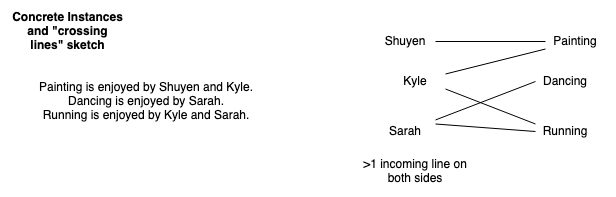

The diagram above was exported from draw.io. Its source (the exported page's mxGraphModel, read from the mxfile embedded in the PNG):
<mxGraphModel dx="2066" dy="1155" grid="1" gridSize="10" guides="1" tooltips="1" connect="1" arrows="1" fold="1" page="1" pageScale="1" pageWidth="850" pageHeight="1100" math="0" shadow="0" extFonts="Permanent Marker^https://fonts.googleapis.com/css?family=Permanent+Marker">
  <root>
    <mxCell id="0" />
    <mxCell id="1" parent="0" />
    <mxCell id="2" value="Concrete Instances and &quot;crossing lines&quot; sketch" style="text;html=1;strokeColor=none;fillColor=none;align=center;verticalAlign=middle;whiteSpace=wrap;rounded=0;fontStyle=1" vertex="1" parent="1">
      <mxGeometry x="75" y="120" width="115" height="30" as="geometry" />
    </mxCell>
    <mxCell id="3" value="Painting is enjoyed by Shuyen and Kyle.&lt;br&gt;&lt;div&gt;Dancing is enjoyed by Sarah.&lt;/div&gt;&lt;div&gt;Running is enjoyed by Kyle and Sarah.&lt;br&gt;&lt;/div&gt;" style="text;html=1;strokeColor=none;fillColor=none;align=center;verticalAlign=middle;whiteSpace=wrap;rounded=0;" vertex="1" parent="1">
      <mxGeometry x="91" y="190" width="240" height="30" as="geometry" />
    </mxCell>
    <mxCell id="4" value="Shuyen" style="text;html=1;strokeColor=none;fillColor=none;align=center;verticalAlign=middle;whiteSpace=wrap;rounded=0;" vertex="1" parent="1">
      <mxGeometry x="440" y="130" width="60" height="30" as="geometry" />
    </mxCell>
    <mxCell id="5" value="Running" style="text;html=1;strokeColor=none;fillColor=none;align=center;verticalAlign=middle;whiteSpace=wrap;rounded=0;" vertex="1" parent="1">
      <mxGeometry x="600" y="220" width="60" height="30" as="geometry" />
    </mxCell>
    <mxCell id="6" value="Kyle" style="text;html=1;strokeColor=none;fillColor=none;align=center;verticalAlign=middle;whiteSpace=wrap;rounded=0;" vertex="1" parent="1">
      <mxGeometry x="450" y="170" width="60" height="30" as="geometry" />
    </mxCell>
    <mxCell id="7" value="Sarah" style="text;html=1;strokeColor=none;fillColor=none;align=center;verticalAlign=middle;whiteSpace=wrap;rounded=0;" vertex="1" parent="1">
      <mxGeometry x="440" y="220" width="60" height="30" as="geometry" />
    </mxCell>
    <mxCell id="8" value="Dancing" style="text;html=1;strokeColor=none;fillColor=none;align=center;verticalAlign=middle;whiteSpace=wrap;rounded=0;" vertex="1" parent="1">
      <mxGeometry x="600" y="170" width="60" height="30" as="geometry" />
    </mxCell>
    <mxCell id="9" value="Painting" style="text;html=1;strokeColor=none;fillColor=none;align=center;verticalAlign=middle;whiteSpace=wrap;rounded=0;" vertex="1" parent="1">
      <mxGeometry x="610" y="130" width="60" height="30" as="geometry" />
    </mxCell>
    <mxCell id="10" value="" style="endArrow=none;html=1;rounded=0;entryX=1;entryY=0.5;entryDx=0;entryDy=0;exitX=0;exitY=0.5;exitDx=0;exitDy=0;" edge="1" source="9" target="4" parent="1">
      <mxGeometry width="50" height="50" relative="1" as="geometry">
        <mxPoint x="400" y="320" as="sourcePoint" />
        <mxPoint x="450" y="270" as="targetPoint" />
      </mxGeometry>
    </mxCell>
    <mxCell id="11" value="" style="endArrow=none;html=1;rounded=0;" edge="1" source="9" target="6" parent="1">
      <mxGeometry width="50" height="50" relative="1" as="geometry">
        <mxPoint x="590" y="220" as="sourcePoint" />
        <mxPoint x="510" y="155" as="targetPoint" />
      </mxGeometry>
    </mxCell>
    <mxCell id="12" value="" style="endArrow=none;html=1;rounded=0;exitX=0;exitY=0.5;exitDx=0;exitDy=0;" edge="1" source="8" target="7" parent="1">
      <mxGeometry width="50" height="50" relative="1" as="geometry">
        <mxPoint x="620" y="162.5" as="sourcePoint" />
        <mxPoint x="520" y="187.5" as="targetPoint" />
      </mxGeometry>
    </mxCell>
    <mxCell id="13" value="" style="endArrow=none;html=1;rounded=0;exitX=0;exitY=0.5;exitDx=0;exitDy=0;entryX=1;entryY=0.25;entryDx=0;entryDy=0;" edge="1" source="5" target="7" parent="1">
      <mxGeometry width="50" height="50" relative="1" as="geometry">
        <mxPoint x="610" y="195" as="sourcePoint" />
        <mxPoint x="510" y="233.46153846153857" as="targetPoint" />
      </mxGeometry>
    </mxCell>
    <mxCell id="14" value="" style="endArrow=none;html=1;rounded=0;exitX=0;exitY=0.25;exitDx=0;exitDy=0;entryX=1;entryY=0.75;entryDx=0;entryDy=0;" edge="1" source="5" target="6" parent="1">
      <mxGeometry width="50" height="50" relative="1" as="geometry">
        <mxPoint x="610" y="245" as="sourcePoint" />
        <mxPoint x="510" y="237.5" as="targetPoint" />
      </mxGeometry>
    </mxCell>
    <mxCell id="15" value="&amp;gt;1 incoming line on both sides" style="text;html=1;strokeColor=none;fillColor=none;align=center;verticalAlign=middle;whiteSpace=wrap;rounded=0;" vertex="1" parent="1">
      <mxGeometry x="415" y="260" width="130" height="30" as="geometry" />
    </mxCell>
  </root>
</mxGraphModel>

--- --- ---

Once you have counted every line above that contains the string "center", give that number and nothing more.

9